What if you’re certain that the temperature in the room is moderate, you recently changed his diaper, and he ate less than an hour ago?

    • Walk outside with your baby– this can be a magic “crying be gone” trick. Fresh air seems to improve a newborn’s mood.
    • Offer a pacifier. Try many different shapes of pacifiers. Marinade a pacifier in breast milk or formula to increase the chance your baby will accept it.
      Pick him up, dance with him, or walk around the house with him. You can’t spoil a newborn.
    • Vacuum your house. Weird, but it can work like a charm. Place him in a baby frontal backpack or in a sling while cleaning.
    • Try another feeding, maybe he’s having a growth spurt.
    • When all else fails, try putting him down in his crib in a darkened room. Crying can result from overstimulation. Wait a minute or two. He may self-settle and go to sleep. If not, go get him. The act of rescuing him may stop the wailing.
    • If mommy or daddy is crying at this point, call your own mom or dad or call a close friend. Your baby knows your voice and maybe hearing you speak calmly to another adult will lull him into contentment.
    • Call your child’s health care provider and review signs of illness.

If you feel anger and resentment toward your crying baby, just put him down, walk outside and count to ten. It is impossible to think rationally when you are angry and you may hurt your child in order to stop your frustration. Seek counseling if these feelings continue.

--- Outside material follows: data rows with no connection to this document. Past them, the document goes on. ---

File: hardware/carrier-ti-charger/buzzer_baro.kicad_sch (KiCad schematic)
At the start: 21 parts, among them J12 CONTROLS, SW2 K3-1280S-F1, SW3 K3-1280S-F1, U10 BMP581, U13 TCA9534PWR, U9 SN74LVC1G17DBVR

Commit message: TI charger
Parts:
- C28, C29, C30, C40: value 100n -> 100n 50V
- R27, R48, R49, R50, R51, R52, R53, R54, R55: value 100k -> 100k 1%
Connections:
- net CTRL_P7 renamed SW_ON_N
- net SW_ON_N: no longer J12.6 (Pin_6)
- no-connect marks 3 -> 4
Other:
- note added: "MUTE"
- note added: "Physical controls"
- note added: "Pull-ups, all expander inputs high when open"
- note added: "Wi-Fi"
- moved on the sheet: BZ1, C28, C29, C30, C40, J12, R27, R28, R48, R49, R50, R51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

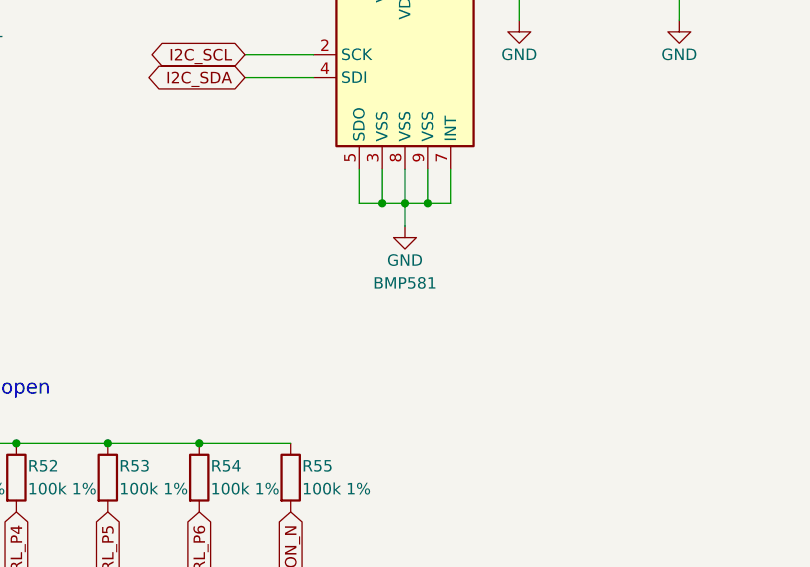
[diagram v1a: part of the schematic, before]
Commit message: Switch parts (BMP580, TPS259474L) due to stock shortage.
Also, add overvoltage (OVLO) protection.
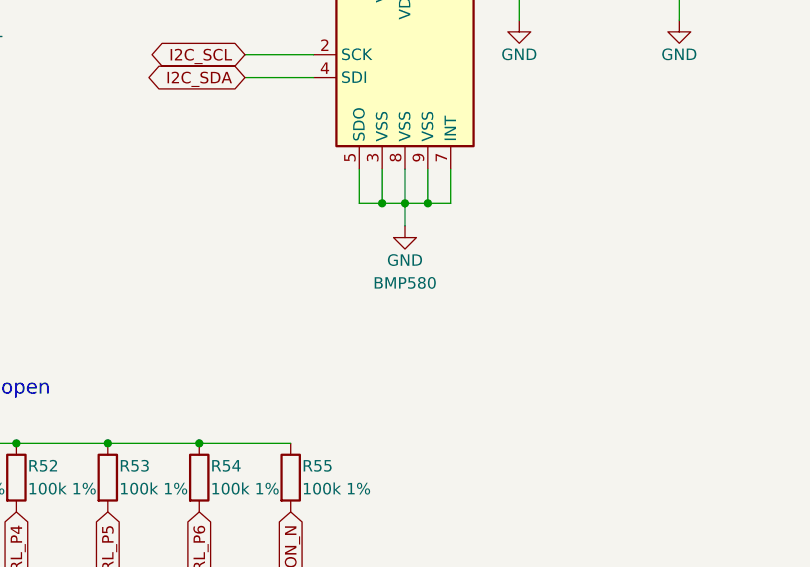
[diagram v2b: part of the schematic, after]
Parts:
- U10: value BMP581 -> BMP580; LCSC C5362283 -> C22391138; MPN BMP581 -> BMP580
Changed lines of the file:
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@@
 			)
 		)
-		(property "Value" "BMP581"
+		(property "Value" "BMP580"
 			(at 190.5 91.44 0)
 			(show_name no)
@@
 			)
 		)
-		(property "Datasheet" "https://www.lcsc.com/datasheet/C5362283.pdf"
+		(property "Datasheet" "https://www.lcsc.com/datasheet/C22391138.pdf"
 			(at 190.5 66.04 0)
 			(hide yes)
@@
 			)
 		)
-		(property "LCSC" "C5362283"
+		(property "LCSC" "C22391138"
 			(at 190.5 66.04 0)
 			(hide yes)
@@
 			)
 		)
-		(property "MPN" "BMP581"
+		(property "MPN" "BMP580"
 			(at 190.5 66.04 0)
 			(hide yes)

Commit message: Other MH's.
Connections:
- net ESP_3V3 renamed +ESP_3V3
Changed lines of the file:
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@@
 	)
 	(symbol
-		(lib_id "carrier:ESP_3V3")
+		(lib_id "carrier:+ESP_3V3")
 		(at 175.26 48.26 0)
 		(unit 1)
@@
 			)
 		)
-		(property "Value" "ESP_3V3"
+		(property "Value" "+ESP_3V3"
 			(at 175.26 44.45 0)
 			(show_name no)
@@
 			)
 		)
-		(property "Description" "Power symbol creates a global label with name \"ESP_3V3\""
+		(property "Description" "Power symbol creates a global label with name \"+ESP_3V3\""
 			(at 175.26 48.26 0)
 			(hide yes)
@@
 	)
 	(symbol
-		(lib_id "carrier:ESP_3V3")
+		(lib_id "carrier:+ESP_3V3")
 		(at 71.12 40.64 0)
 		(unit 1)
@@
 			)
 		)
-		(property "Value" "ESP_3V3"
+		(property "Value" "+ESP_3V3"
 			(at 71.12 36.83 0)
 			(show_name no)
@@
 			)
 		)
-		(property "Description" "Power symbol creates a global label with name \"ESP_3V3\""
+		(property "Description" "Power symbol creates a global label with name \"+ESP_3V3\""
 			(at 71.12 40.64 0)
 			(hide yes)
@@
 	)
 	(symbol
-		(lib_id "carrier:ESP_3V3")
+		(lib_id "carrier:+ESP_3V3")
 		(at 101.6 109.22 0)
 		(unit 1)
@@
 			)
 		)
-		(property "Value" "ESP_3V3"
+		(property "Value" "+ESP_3V3"
 			(at 101.6 105.41 0)
 			(show_name no)
@@
 			)
 		)
-		(property "Description" "Power symbol creates a global label with name \"ESP_3V3\""
+		(property "Description" "Power symbol creates a global label with name \"+ESP_3V3\""
 			(at 101.6 109.22 0)
 			(hide yes)
@@
 	)
 	(symbol
-		(lib_id "carrier:ESP_3V3")
+		(lib_id "carrier:+ESP_3V3")
 		(at 60.96 106.68 0)
 		(unit 1)
@@
 			)
 		)
-		(property "Value" "ESP_3V3"
+		(property "Value" "+ESP_3V3"
 			(at 60.96 102.87 0)
 			(show_name no)
@@
 			)
 		)
-		(property "Description" "Power symbol creates a global label with name \"ESP_3V3\""
+		(property "Description" "Power symbol creates a global label with name \"+ESP_3V3\""
 			(at 60.96 106.68 0)
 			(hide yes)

Now for the light at the end of the newborn parenting tunnel: the peak age when babies cry is six weeks old. At that point, infants can cry for up to THREE HOURS per day. Babies with colic cry MORE than three hours per day. (Can you believe people actually studied this? I am amused that Dr. Lai won a prize in medical school for a paper on the history of colic). By three months of age crying time drops dramatically.

While most crying babies are healthy babies and just need to find the perfect upside-down-hot-dog position, an inability to soothe your baby can be a sign that she is sick. Never hesitate to call your baby’s doctor if your baby is inconsolable, and don’t listen to the people who say, “Why do babies cry?…They just do.”